A spate of practice closures and mergers around the UK has once again highlighted the underfunding and workforce shortages facing GP surgeries.

The BMA warned that practices having to hand back contracts was becoming increasingly problematic for patients having to travel further to access general practice.

In Llanelli, Wales, the partners of an 8,000-patient practice have announced they will be handing back their contract to the health board this summer.

Patients are being urged by the health board not to try and register with other practices with health officials working to get a plan in place for Ash Grove Medical Centre over the next six months.

In Fermanagh in Northern Ireland, a town beset by practice closures over the past year, another three practices are merging into one after the retirement of two more doctors.

Over 18 months, practices in Fermanagh have reduced by more than half raising concerns about the sustainability of rural health services in the country.

The latest merger covers a geographical area 20 miles wide although a letter to patients said medical services would be provided from all three sites.

In Croydon patients expressed their dismay after being told by GPs that the Coulsden Medical Practice would be closing in the near future.

NHS Croydon CCG said they were aware of the situation at the 3,600-patient practice and that they were committed to working ‘to ensure that all registered patients have access to the best possible GP services in Croydon’.

And in Swindon, councillors have warned that the closure of a branch surgery in Nythe will leave elderly patients stranded and unable to easily access a GP 20 minutes walk or two bus rides away.

NHS Swindon CCG said the 1,950 patients who usually attended the Nythe branch surgery ‘could also attend the main site’.

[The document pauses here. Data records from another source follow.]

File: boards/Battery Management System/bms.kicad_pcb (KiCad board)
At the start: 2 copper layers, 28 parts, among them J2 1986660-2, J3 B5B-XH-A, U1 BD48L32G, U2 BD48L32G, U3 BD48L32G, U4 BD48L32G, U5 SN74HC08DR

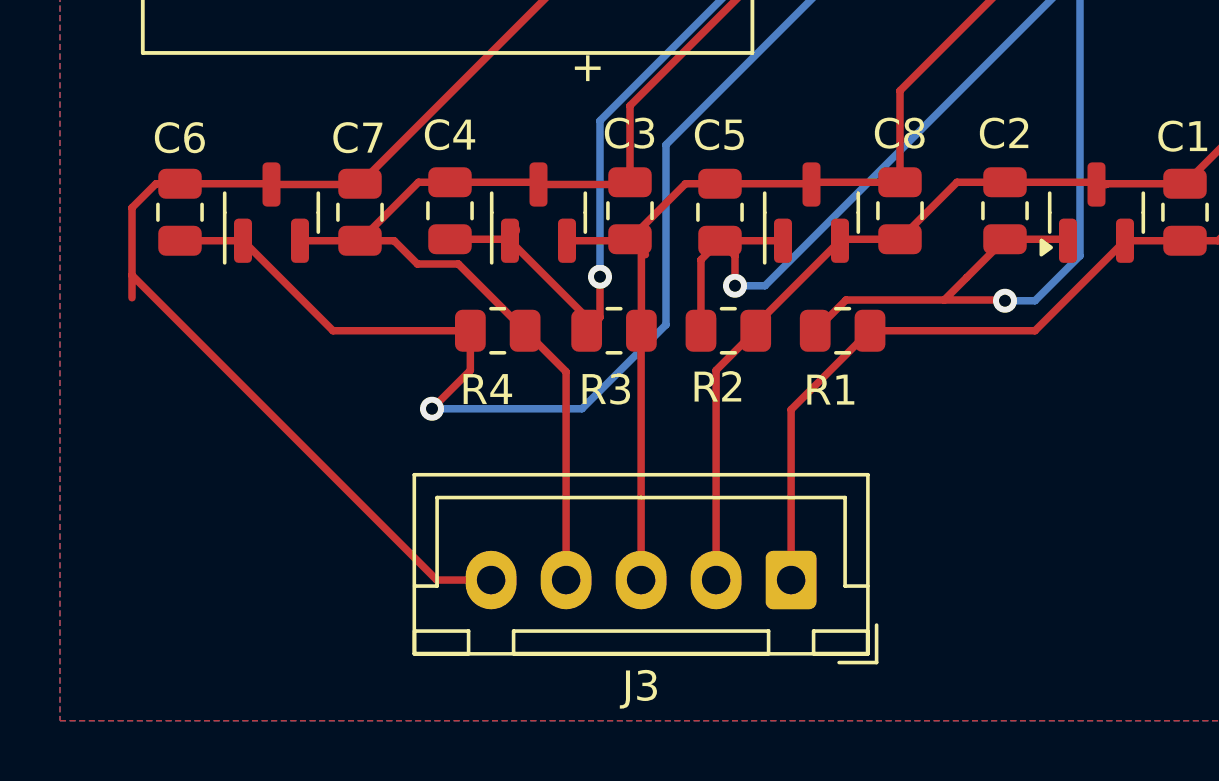
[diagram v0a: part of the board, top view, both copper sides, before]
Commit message: Flipped J3 terminal block on BMS
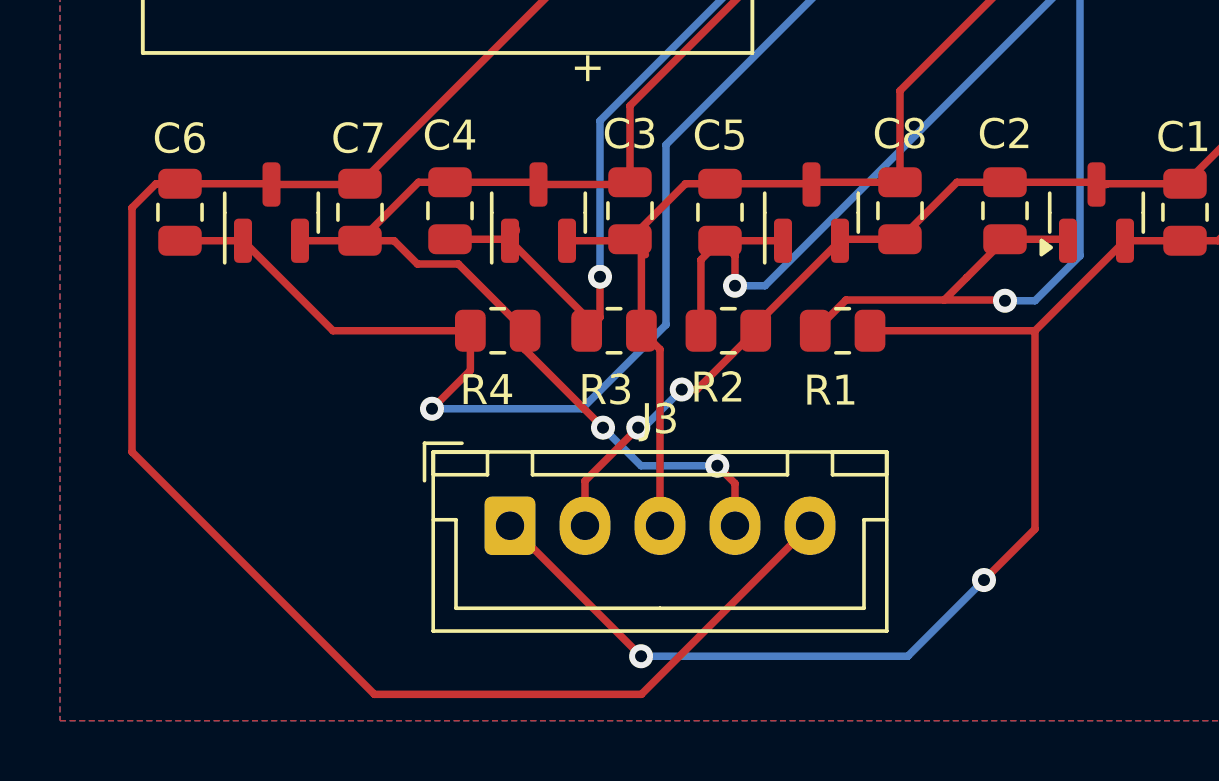
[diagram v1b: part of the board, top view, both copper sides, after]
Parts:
- moved J3 9.54 mm to (35.0, 65.5), turned to 0 degrees
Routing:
- net /V_CELL_1: track 48.7 -> 66.9 mm, vias 2 -> 4
- net GND: track 63.3 -> 80.5 mm
- net /V_CELL_4: track 60.8 -> 62.8 mm, vias 0 -> 2
- net /V_CELL_3: track 53.3 -> 52.5 mm
- net /V_CELL_2: track 84.8 -> 85.2 mm, vias 0 -> 2
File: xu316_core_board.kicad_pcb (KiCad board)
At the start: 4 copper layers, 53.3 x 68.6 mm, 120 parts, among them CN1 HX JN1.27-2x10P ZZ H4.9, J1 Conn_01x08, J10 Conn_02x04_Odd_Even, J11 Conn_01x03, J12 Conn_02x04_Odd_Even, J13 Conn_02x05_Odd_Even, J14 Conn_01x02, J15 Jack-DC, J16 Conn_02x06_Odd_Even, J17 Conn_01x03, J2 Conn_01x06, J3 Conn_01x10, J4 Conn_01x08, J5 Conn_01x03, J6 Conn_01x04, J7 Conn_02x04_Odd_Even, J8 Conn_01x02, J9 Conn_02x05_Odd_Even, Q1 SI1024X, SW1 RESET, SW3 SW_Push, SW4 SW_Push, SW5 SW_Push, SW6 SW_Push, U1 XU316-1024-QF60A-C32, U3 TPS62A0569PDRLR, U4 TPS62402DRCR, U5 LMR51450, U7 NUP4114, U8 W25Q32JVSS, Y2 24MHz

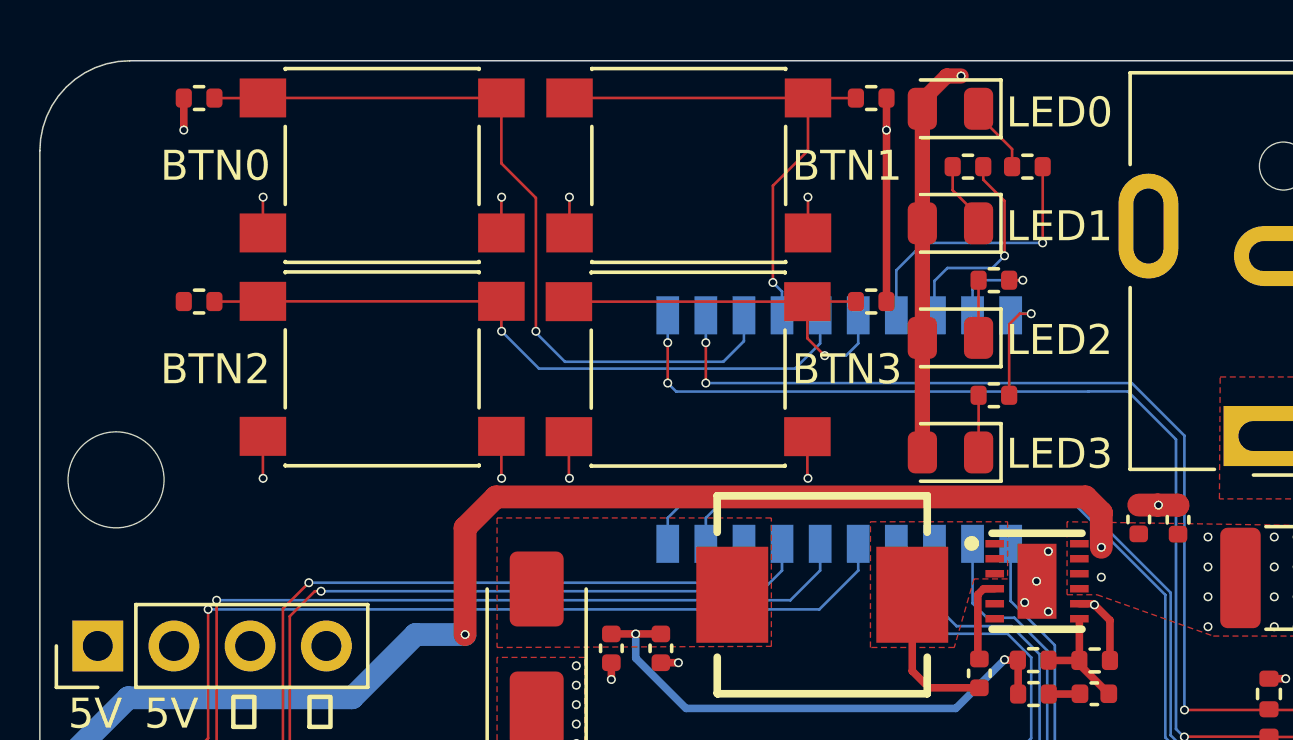
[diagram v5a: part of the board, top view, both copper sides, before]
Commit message: Added XMOS logo
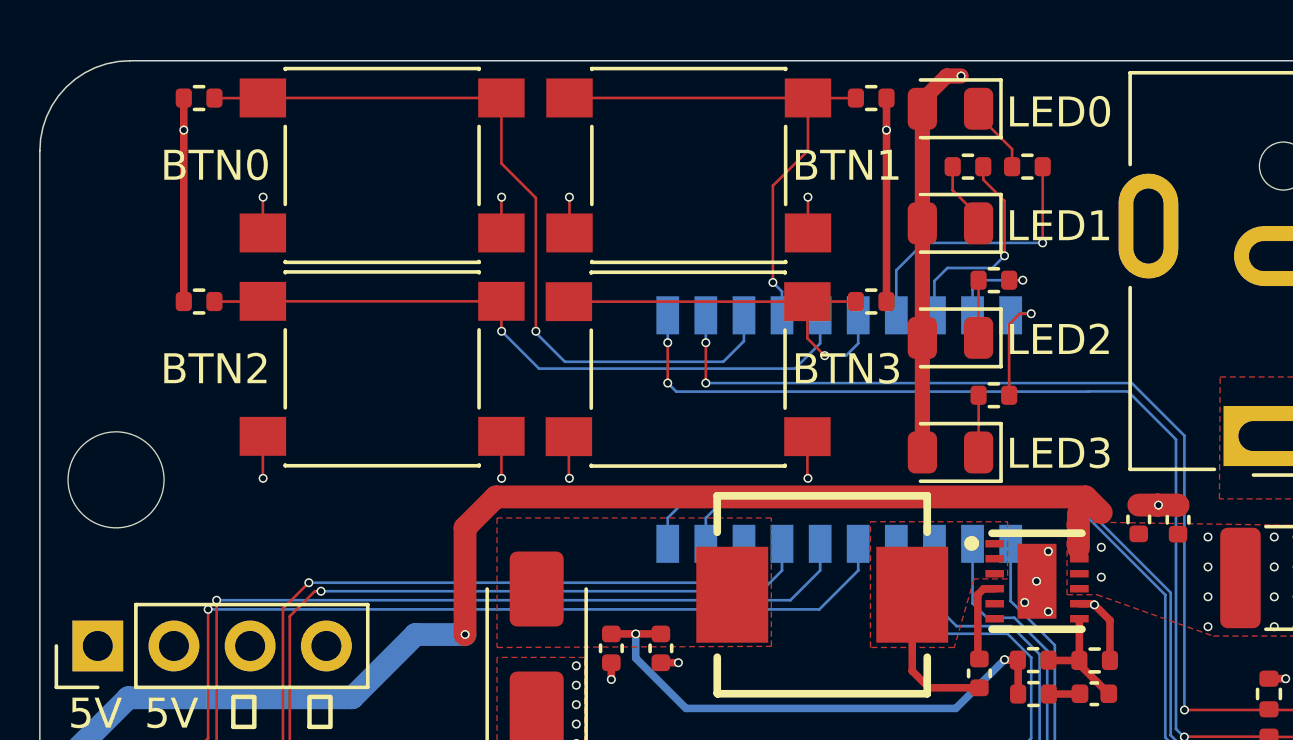
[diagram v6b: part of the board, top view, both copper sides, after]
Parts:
- added G***: LOGO, LOGO, B.Cu at (106.9, 46.4)
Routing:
- net VDDIO: track 96.5 -> 102.2 mm
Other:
- board text added: "CAE Generic PoC Module Board Rev 1.0"

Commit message: Ready to production
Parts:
- removed C35: 33U, Capacitor_SMD:C_0402_1005Metric
- C24: footprint Capacitor_SMD:C_0402_1005Metric -> Capacitor_SMD:C_0603_1608Metric
- C34: footprint Capacitor_SMD:C_0402_1005Metric -> Capacitor_SMD:CP_Elec_4x5.4
- moved C29 12.6 mm to (112.9, 100.1)
- moved C28 7.10 mm to (112.9, 98.9), turned to 180 degrees
- moved D2 2.11 mm to (111.9, 61.7)
- moved R20 1.63 mm to (112.9, 101.3)
- moved R19 1.51 mm to (112.9, 102.5)
- moved C27 1.49 mm to (137.8, 101.1), turned to 90 degrees
- moved R11 1.07 mm to (136.7, 101.1)
- moved C15 0.70 mm to (124.7, 89.2)
- moved C34 0.43 mm to (116.2, 62.0)
- moved C24 0.41 mm to (126.5, 93.0)
- moved C18 0.21 mm to (125.9, 78.1)
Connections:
- CN1 pad 1: +1.8V -> /TMS
- CN1 pad 10: /RST_N -> GND
- CN1 pad 11: VDDIO -> /XL_DN1
- CN1 pad 12: /XL_DN1 -> VDDIO
- CN1 pad 13: GND -> /XL_DN0
- CN1 pad 14: /XL_DN0 -> GND
- CN1 pad 15: GND -> /XL_UP0
- CN1 pad 16: /XL_UP0 -> GND
- CN1 pad 17: GND -> /XL_UP1
- CN1 pad 18: /XL_UP1 -> GND
- CN1 pad 19: GND -> unconnected-(CN1-Pad19)
- CN1 pad 2: /TMS -> +1.8V
- CN1 pad 20: unconnected-(CN1-Pad20) -> GND
- CN1 pad 3: GND -> /TCK
- CN1 pad 4: /TCK -> GND
- CN1 pad 5: GND -> /TDO
- CN1 pad 6: /TDO -> GND
- CN1 pad 7: GND -> /TDI
- CN1 pad 8: /TDI -> GND
- CN1 pad 9: GND -> /RST_N
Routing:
- net VDDIO: track 102.2 -> 113.9 mm
- net /XL_DN1: track 29.2 -> 23.6 mm
- net /X0P16B8: track 25.0 -> 29.0 mm, vias 1 -> 2
- net /XL_DN0: track 29.3 -> 25.3 mm
- net /RST_N: track 115.1 -> 118.9 mm
- net DCDC_5V: track 17.7 -> 14.2 mm
- net /XL_UP0: track 23.9 -> 21.0 mm
- net /TMS: track 17.3 -> 15.1 mm
- net +1.8V: track 154.2 -> 156.2 mm, vias 13 -> 12
- net /X0P16B12: track 40.2 -> 38.2 mm
- net /XL_UP1: track 23.4 -> 21.5 mm
- net /TDO: track 14.8 -> 12.8 mm
- net /TCK: track 16.9 -> 15.1 mm
- net /TDI: track 12.6 -> 10.9 mm
- net +5V(CORE): track 14.3 -> 15.9 mm, vias 4 -> 3
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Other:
- board text added: "CORE"
- board text added: "IO"

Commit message: Updated for manufacture
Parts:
- C21: footprint Capacitor_SMD:C_0402_1005Metric -> Capacitor_SMD:C_0603_1608Metric
- C30: footprint Capacitor_SMD:C_0402_1005Metric -> Capacitor_SMD:C_1206_3216Metric
- J15: footprint Connector_BarrelJack:BarrelJack_CUI_PJ-063AH_Horizontal -> Connector_BarrelJack:BarrelJack_GCT_DCJ200-10-A_Horizontal
- moved C30 3.88 mm to (134.8, 61.2), turned to -90 degrees
- moved J15 0.81 mm to (139.7, 54.5)
- moved C31 0.58 mm to (134.8, 57.3)
- moved C21 0.37 mm to (131.1, 76.0)
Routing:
- net +Vin: track 65.0 -> 64.2 mm
- net /IO Headers/SCL_XMOS: track 34.3 -> 33.6 mm
- net /IO Headers/SDA_XMOS: track 33.8 -> 33.2 mm
- net GND: track 39.7 -> 40.2 mm, vias 78 -> 79
- net +5V(IO): vias 5 -> 4
- net +5V(CORE): vias 3 -> 2
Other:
- board text added: "5.5-12V"

The CCG also said they were working with the practice to try and solve the transport issue.

BMA GP committee chair Dr Richard Vautrey said: ‘The pressures on general practice from a decade of underfunding and subsequent workforce crisis is impacting practices across the UK.

‘For some this has pushed them to the brink and resulted in them handing back their contract and closing the practice.

‘This is having an increasing impact on patients who are left without a local GP practice and have to travel much further to access a service. It’s clear evidence of why we need significant recurrent investment to be made in to general practice as soon as possible.’